Collected data:
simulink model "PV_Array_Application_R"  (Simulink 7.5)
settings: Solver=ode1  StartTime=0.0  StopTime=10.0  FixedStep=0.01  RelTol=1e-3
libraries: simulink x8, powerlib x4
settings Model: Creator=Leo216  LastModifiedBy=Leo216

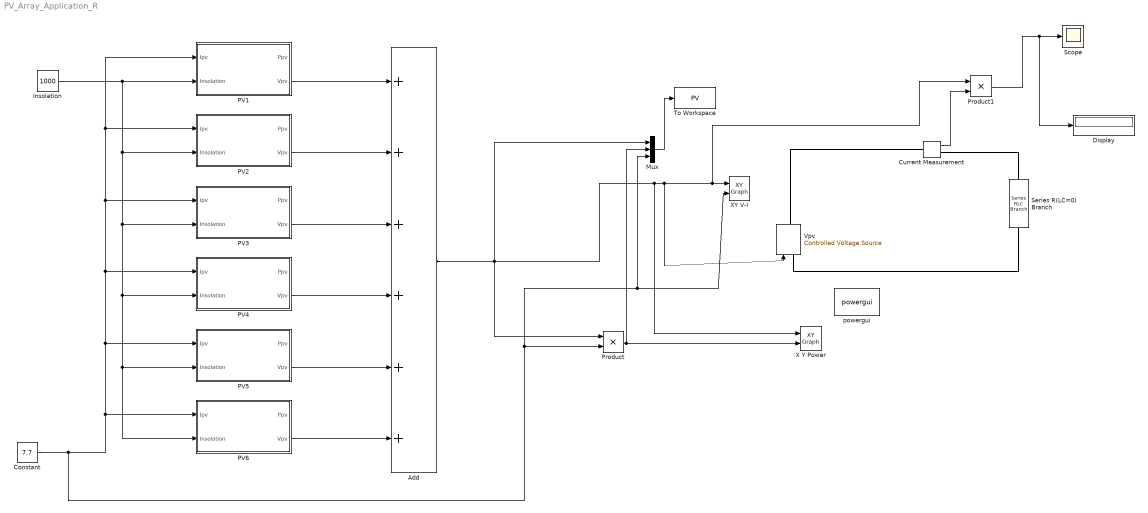
== system PV_Array_Application_R ==
  Add : Sum  Inputs=++++++  OutDataType=fixdt(1, 16)  OutScaling=2^-10
  Constant : Constant  Value=7.7  OutDataType=fixdt(1, 16)  OutScaling=2^0
  Current Measurement : powerlib/Measurements/Current Measurement  DialogController=POWERSYS.PowerSysDialog  SystemSampleTime=-1  PhasorSimulation=off  OutputType=Complex  PSBequivalent=0
  Display : Display
  Insolation : Constant  Value=1000  OutDataType=fixdt(1, 16)  OutScaling=2^0  SampleTime=-1
  Mux : Mux  Inputs=3
  PV1 : Subsystem  mask{Isc=8.4, Voc=39.6/63, Ir=7.7, Vr=31.9/63, Diode=on}
      mask prompts: Isc "Short-circuit current"; Voc "Open-Circuit Voltage"; Ir "Current at Pmax"; Vr "Voltage at Pmax"; Diode "By-pass diode"
      mask init:
      | Ns=round(Voc/0.61);
      | Vt=26e-3
      | G= Isc/1000;
      | Vmpc=Vr/Ns;
      | Vocc=Voc/Ns;
      | Rmpp=Vmpc/Ir;
      | 
      | Rp=100*Vocc/Isc;
      | Vdm=Vocc;
      | 
      | for i=1:10
      |     
      |    Idm=Isc-Ir-Vdm/Rp;
      |    Io=(Isc-Vocc/Rp)/(exp(Vocc/Vt)-1);
      |    Vdm=Vt*log(Idm/Io+1);
      |    Rs=(Vdm-Vmpc)/Ir;
      |    Rd=(Rmpp-Rs)*Rp/(Rp-Rmpp+Rs);
      |    Idm=Vt/Rd;
      |    Rp=Vdm/(Isc-Ir-Idm);
      |    
      | end
      mask Display: image(imread('pv.jpg'))
  PV2 : Subsystem  mask{Isc=8.4, Voc=39.6/63, Ir=7.7, Vr=31.9/63, Diode=on}
      mask prompts: Isc "Short-circuit current"; Voc "Open-Circuit Voltage"; Ir "Current at Pmax"; Vr "Voltage at Pmax"; Diode "By-pass diode"
      mask init: same as PV_Array_Application_R/PV1
      mask Display: image(imread('pv.jpg'))
  PV3 : Subsystem  mask{Isc=8.4, Voc=39.6/63, Ir=7.7, Vr=31.9/63, Diode=on}
      mask prompts: Isc "Short-circuit current"; Voc "Open-Circuit Voltage"; Ir "Current at Pmax"; Vr "Voltage at Pmax"; Diode "By-pass diode"
      mask init: same as PV_Array_Application_R/PV1
      mask Display: image(imread('pv.jpg'))
  PV4 : Subsystem  mask{Isc=8.4, Voc=39.6/63, Ir=7.7, Vr=31.9/63, Diode=on}
      mask prompts: Isc "Short-circuit current"; Voc "Open-Circuit Voltage"; Ir "Current at Pmax"; Vr "Voltage at Pmax"; Diode "By-pass diode"
      mask init: same as PV_Array_Application_R/PV1
      mask Display: image(imread('pv.jpg'))
  PV5 : Subsystem  mask{Isc=8.4, Voc=39.6/63, Ir=7.7, Vr=31.9/63, Diode=on}
      mask prompts: Isc "Short-circuit current"; Voc "Open-Circuit Voltage"; Ir "Current at Pmax"; Vr "Voltage at Pmax"; Diode "By-pass diode"
      mask init: same as PV_Array_Application_R/PV1
      mask Display: image(imread('pv.jpg'))
  PV6 : Subsystem  mask{Isc=8.4, Voc=39.6/63, Ir=7.7, Vr=31.9/63, Diode=on}
      mask prompts: Isc "Short-circuit current"; Voc "Open-Circuit Voltage"; Ir "Current at Pmax"; Vr "Voltage at Pmax"; Diode "By-pass diode"
      mask init: same as PV_Array_Application_R/PV1
      mask Display: image(imread('pv.jpg'))
  Product : Product  OutDataType=fixdt(1, 16)  OutScaling=2^0  RndMeth=Zero
  Product1 : Product  OutDataType=fixdt(1, 16)  OutScaling=2^0  RndMeth=Zero
  Scope : Scope
      settings: TimeRange=50
  Series R(LC=0) Branch : powerlib/Elements/Series RLC Branch  DialogController=POWERSYS.PowerSysDialog  PhysicalDomain=powersysdomain  SubClassName=unknown  LeftPortType=p1  RightPortType=p1  LConnTagsString=__new0  RConnTagsString=__new0  BranchType=R  Resistance=0.39  Inductance=1e-3  SetiL0=off  InitialCurrent=0  Capacitance=1e-6  Setx0=off  InitialVoltage=0  Measurements=None
  To Workspace : ToWorkspace  VariableName=PV  SampleTime=-1  SaveFormat=Structure
  Vpv : powerlib/Electrical Sources/Controlled Voltage Source  DialogController=POWERSYS.PowerSysDialog  SystemSampleTime=-1  Initialize=on  Source_Type=AC  Amplitude=0  Phase=0  Frequency=0  Measurements=None
  X Y Power : simulink/Sinks/XY Graph  SystemSampleTime=-1  xmin=0  xmax=10  ymin=0  ymax=10  st=-1
  XY V-I : simulink/Sinks/XY Graph  SystemSampleTime=-1  xmin=0  xmax=10  ymin=0  ymax=10  st=-1
  powergui : powerlib/powergui  Priority=1  SystemSampleTime=-1  SimulationMode=Continuous  SampleTime=50e-6  frequency=60  SPID=off  DisableSnubberDevices=off  DisableRonSwitches=off  DisableVfSwitches=off  SwTol=0  Interpol=off  frequencyindice=0  echomessages=off  HookPort=off  DisplayEquations=off  FunctionMessages=off  EnableUseOfTLC=off  x0status=blocks  RestoreLinks=warning  ResistiveCurrentMeasurement=off  Ylog=off  Xlog=on  ShowGrid=off  save=off  variable=ZData  ZoomFFT=off  StartTime=0.0  cycles=1  DisplayStyle=1  FreqAxis=off  MaxFrequency=1000  frequencyindicesteady=1  display=off  methode=off
  wires:
  PV1/2(Vpv) -> Add/1
  PV2/2(Vpv) -> Add/2
  PV3/2(Vpv) -> Add/3
  PV4/2(Vpv) -> Add/4
  PV5/2(Vpv) -> Add/5
  PV6/2(Vpv) -> Add/6
  Insolation/1 -> PV1/2(Insolation), PV5/2(Insolation), PV6/2(Insolation), PV4/2(Insolation), PV3/2(Insolation), PV2/2(Insolation)
  Constant/1 -> PV1/1(Ipv), PV2/1(Ipv), PV3/1(Ipv), PV4/1(Ipv), PV5/1(Ipv), PV6/1(Ipv), Product/2, XY V-I/2, Mux/3
  Product/1 -> X Y Power/2, Mux/2
  Mux/1 -> To Workspace/1
  Add/1 -> Mux/1, X Y Power/1, Vpv/1, XY V-I/1, Product1/1, Product/1
  Current Measurement/1 -> Product1/2
  Product1/1 -> Scope/1, Display/1
  connections:
  Vpv/LConn1 -- Series R(LC=0) Branch/RConn1
  Vpv/RConn1 -- Current Measurement/LConn1
  Current Measurement/RConn1 -- Series R(LC=0) Branch/LConn1

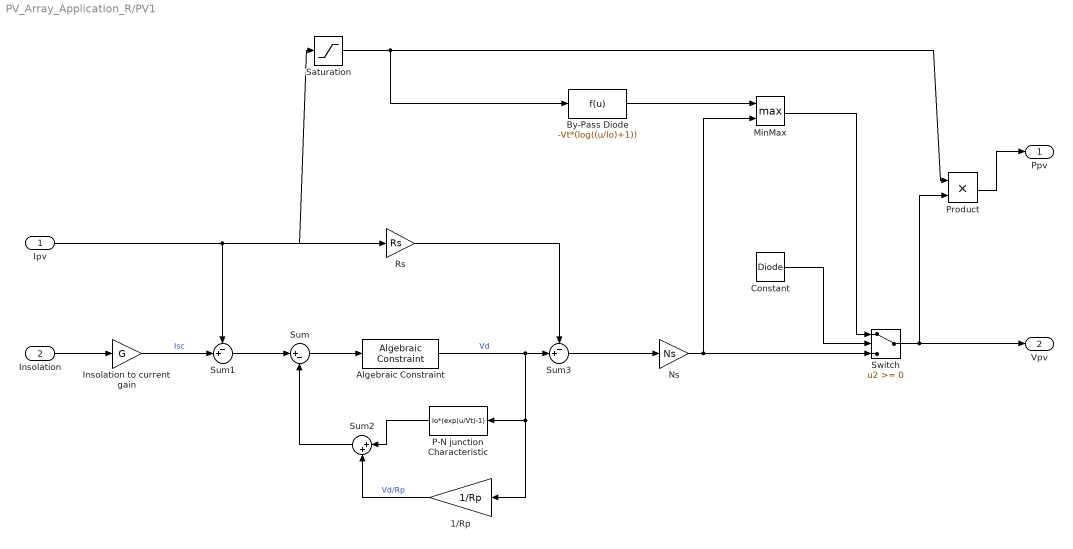
== system PV_Array_Application_R/PV1 ==
  Ipv : Inport  OutDataType=fixdt(1, 16)  OutScaling=2^0
  Insolation : Inport  Port=2  OutDataType=fixdt(1, 16)  OutScaling=2^0
  1/Rp : Gain  Gain=1/Rp  ParameterDataType=fixdt(1, 16)  ParameterScaling=2^0  OutDataType=fixdt(1, 16)  OutScaling=2^0
  Algebraic Constraint : simulink/Math Operations/Algebraic Constraint  SystemSampleTime=-1  z0=0.5
  By-Pass Diode : Fcn  Expr=-Vt*(log((u/Io)+1))
  Constant : Constant  Value=Diode  OutDataType=fixdt(1, 16)  OutScaling=2^0  SampleTime=-1
  Insolation to current gain : Gain  Gain=G  ParameterDataType=fixdt(1, 16)  ParameterScaling=2^0  OutDataType=fixdt(1, 16)  OutScaling=2^0
  MinMax : MinMax  Function=max  Inputs=2  OutDataType=fixdt(1, 16)  OutScaling=2^0
  Ns : Gain  Gain=Ns  ParameterDataType=fixdt(1, 16)  ParameterScaling=2^0  OutDataType=fixdt(1, 16)  OutScaling=2^0
  P-N junction Characteristic : Fcn  Expr=Io*(exp(u/Vt)-1)
  Product : Product  OutDataType=fixdt(1, 16)  OutScaling=2^0  RndMeth=Zero
  Rs : Gain  Gain=Rs  ParameterDataType=fixdt(1, 16)  ParameterScaling=2^0  OutDataType=fixdt(1, 16)  OutScaling=2^0
  Saturation : Saturate  OutDataType=fixdt(1, 16)  OutScaling=2^0
  Sum : Sum  Inputs=|+-  OutDataType=fixdt(1, 16)  OutScaling=2^0
  Sum1 : Sum  Inputs=-+|  OutDataType=fixdt(1, 16)  OutScaling=2^0
  Sum2 : Sum  Inputs=|++  OutDataType=fixdt(1, 16)  OutScaling=2^0
  Sum3 : Sum  Inputs=-+|  OutDataType=fixdt(1, 16)  OutScaling=2^0
  Switch : Switch  OutDataType=fixdt(1, 16)  OutScaling=2^0
  Ppv : Outport  OutDataType=fixdt(1, 16)  OutScaling=2^0
  Vpv : Outport  Port=2  OutDataType=fixdt(1, 16)  OutScaling=2^0
  wires:
  Insolation/1 -> Insolation to current gain/1
  Product/1 -> Ppv/1
  By-Pass Diode/1 -> MinMax/1
  P-N junction Characteristic/1 -> Sum2/1
  Saturation/1 -> Product/1, By-Pass Diode/1
  Switch/1 -> Product/2, Vpv/1
  MinMax/1 -> Switch/1
  Constant/1 -> Switch/2
  Ns/1 -> Switch/3, MinMax/2
  Sum3/1 -> Ns/1
  Rs/1 -> Sum3/1
  Algebraic Constraint/1 -> Sum3/2, 1/Rp/1, P-N junction Characteristic/1  "Vd"
  1/Rp/1 -> Sum2/2  "Vd/Rp"
  Sum2/1 -> Sum/2
  Sum/1 -> Algebraic Constraint/1
  Sum1/1 -> Sum/1
  Insolation to current gain/1 -> Sum1/2  "Isc"
  Ipv/1 -> Sum1/1, Rs/1, Saturation/1

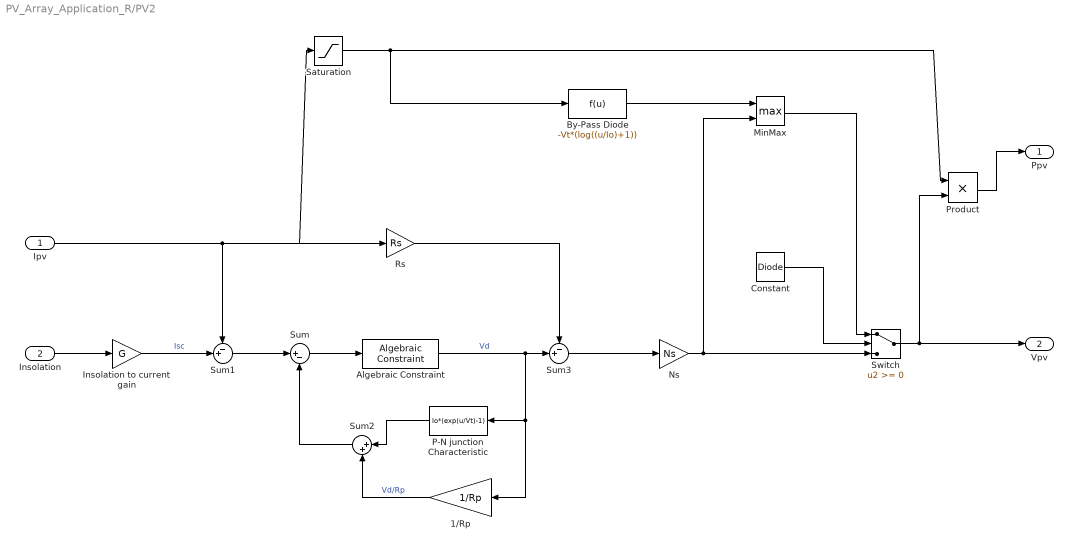
== system PV_Array_Application_R/PV2 ==
  Ipv : Inport  OutDataType=fixdt(1, 16)  OutScaling=2^0
  Insolation : Inport  Port=2  OutDataType=fixdt(1, 16)  OutScaling=2^0
  1/Rp : Gain  Gain=1/Rp  ParameterDataType=fixdt(1, 16)  ParameterScaling=2^0  OutDataType=fixdt(1, 16)  OutScaling=2^0
  Algebraic Constraint : simulink/Math Operations/Algebraic Constraint  SystemSampleTime=-1  z0=0
  By-Pass Diode : Fcn  Expr=-Vt*(log((u/Io)+1))
  Constant : Constant  Value=Diode  OutDataType=fixdt(1, 16)  OutScaling=2^0  SampleTime=-1
  Insolation to current gain : Gain  Gain=G  ParameterDataType=fixdt(1, 16)  ParameterScaling=2^0  OutDataType=fixdt(1, 16)  OutScaling=2^0
  MinMax : MinMax  Function=max  Inputs=2  OutDataType=fixdt(1, 16)  OutScaling=2^0
  Ns : Gain  Gain=Ns  ParameterDataType=fixdt(1, 16)  ParameterScaling=2^0  OutDataType=fixdt(1, 16)  OutScaling=2^0
  P-N junction Characteristic : Fcn  Expr=Io*(exp(u/Vt)-1)
  Product : Product  OutDataType=fixdt(1, 16)  OutScaling=2^0  RndMeth=Zero
  Rs : Gain  Gain=Rs  ParameterDataType=fixdt(1, 16)  ParameterScaling=2^0  OutDataType=fixdt(1, 16)  OutScaling=2^0
  Saturation : Saturate  OutDataType=fixdt(1, 16)  OutScaling=2^0
  Sum : Sum  Inputs=|+-  OutDataType=fixdt(1, 16)  OutScaling=2^0
  Sum1 : Sum  Inputs=-+|  OutDataType=fixdt(1, 16)  OutScaling=2^0
  Sum2 : Sum  Inputs=|++  OutDataType=fixdt(1, 16)  OutScaling=2^0
  Sum3 : Sum  Inputs=-+|  OutDataType=fixdt(1, 16)  OutScaling=2^0
  Switch : Switch  OutDataType=fixdt(1, 16)  OutScaling=2^0
  Ppv : Outport  OutDataType=fixdt(1, 16)  OutScaling=2^0
  Vpv : Outport  Port=2  OutDataType=fixdt(1, 16)  OutScaling=2^0
  wires:
  Insolation/1 -> Insolation to current gain/1
  Product/1 -> Ppv/1
  By-Pass Diode/1 -> MinMax/1
  P-N junction Characteristic/1 -> Sum2/1
  Saturation/1 -> Product/1, By-Pass Diode/1
  Switch/1 -> Product/2, Vpv/1
  MinMax/1 -> Switch/1
  Constant/1 -> Switch/2
  Ns/1 -> Switch/3, MinMax/2
  Sum3/1 -> Ns/1
  Rs/1 -> Sum3/1
  Algebraic Constraint/1 -> Sum3/2, 1/Rp/1, P-N junction Characteristic/1  "Vd"
  1/Rp/1 -> Sum2/2  "Vd/Rp"
  Sum2/1 -> Sum/2
  Sum/1 -> Algebraic Constraint/1
  Sum1/1 -> Sum/1
  Insolation to current gain/1 -> Sum1/2  "Isc"
  Ipv/1 -> Sum1/1, Rs/1, Saturation/1

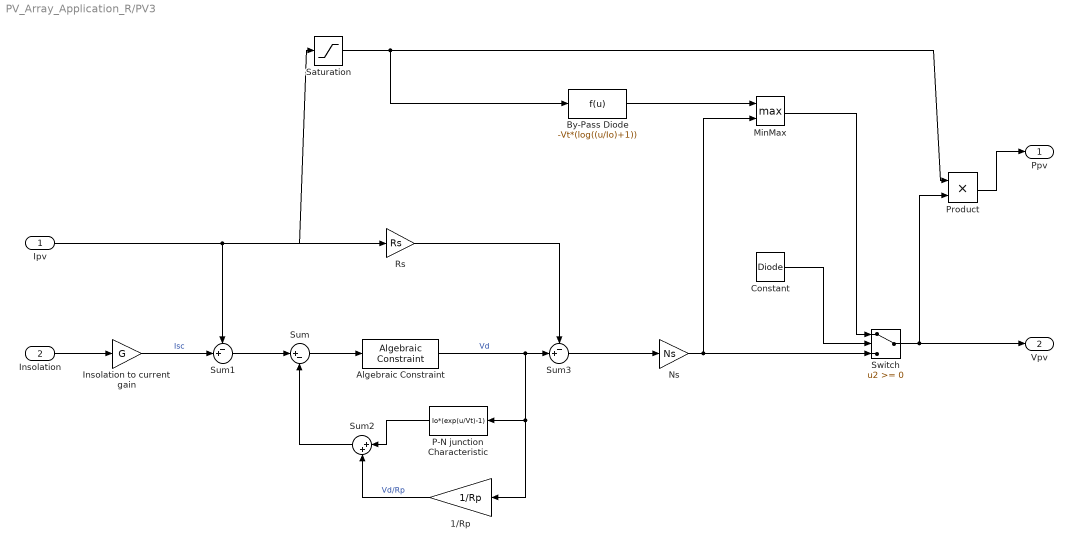
== system PV_Array_Application_R/PV3 ==
  Ipv : Inport  OutDataType=fixdt(1, 16)  OutScaling=2^0
  Insolation : Inport  Port=2  OutDataType=fixdt(1, 16)  OutScaling=2^0
  1/Rp : Gain  Gain=1/Rp  ParameterDataType=fixdt(1, 16)  ParameterScaling=2^0  OutDataType=fixdt(1, 16)  OutScaling=2^0
  Algebraic Constraint : simulink/Math Operations/Algebraic Constraint  SystemSampleTime=-1  z0=0
  By-Pass Diode : Fcn  Expr=-Vt*(log((u/Io)+1))
  Constant : Constant  Value=Diode  OutDataType=fixdt(1, 16)  OutScaling=2^0  SampleTime=-1
  Insolation to current gain : Gain  Gain=G  ParameterDataType=fixdt(1, 16)  ParameterScaling=2^0  OutDataType=fixdt(1, 16)  OutScaling=2^0
  MinMax : MinMax  Function=max  Inputs=2  OutDataType=fixdt(1, 16)  OutScaling=2^0
  Ns : Gain  Gain=Ns  ParameterDataType=fixdt(1, 16)  ParameterScaling=2^0  OutDataType=fixdt(1, 16)  OutScaling=2^0
  P-N junction Characteristic : Fcn  Expr=Io*(exp(u/Vt)-1)
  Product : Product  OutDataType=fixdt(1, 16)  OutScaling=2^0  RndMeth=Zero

About this exercise:
Could you state how many lines of the entries contain the word "xmax"? Only the number is wanted.

Output below:
2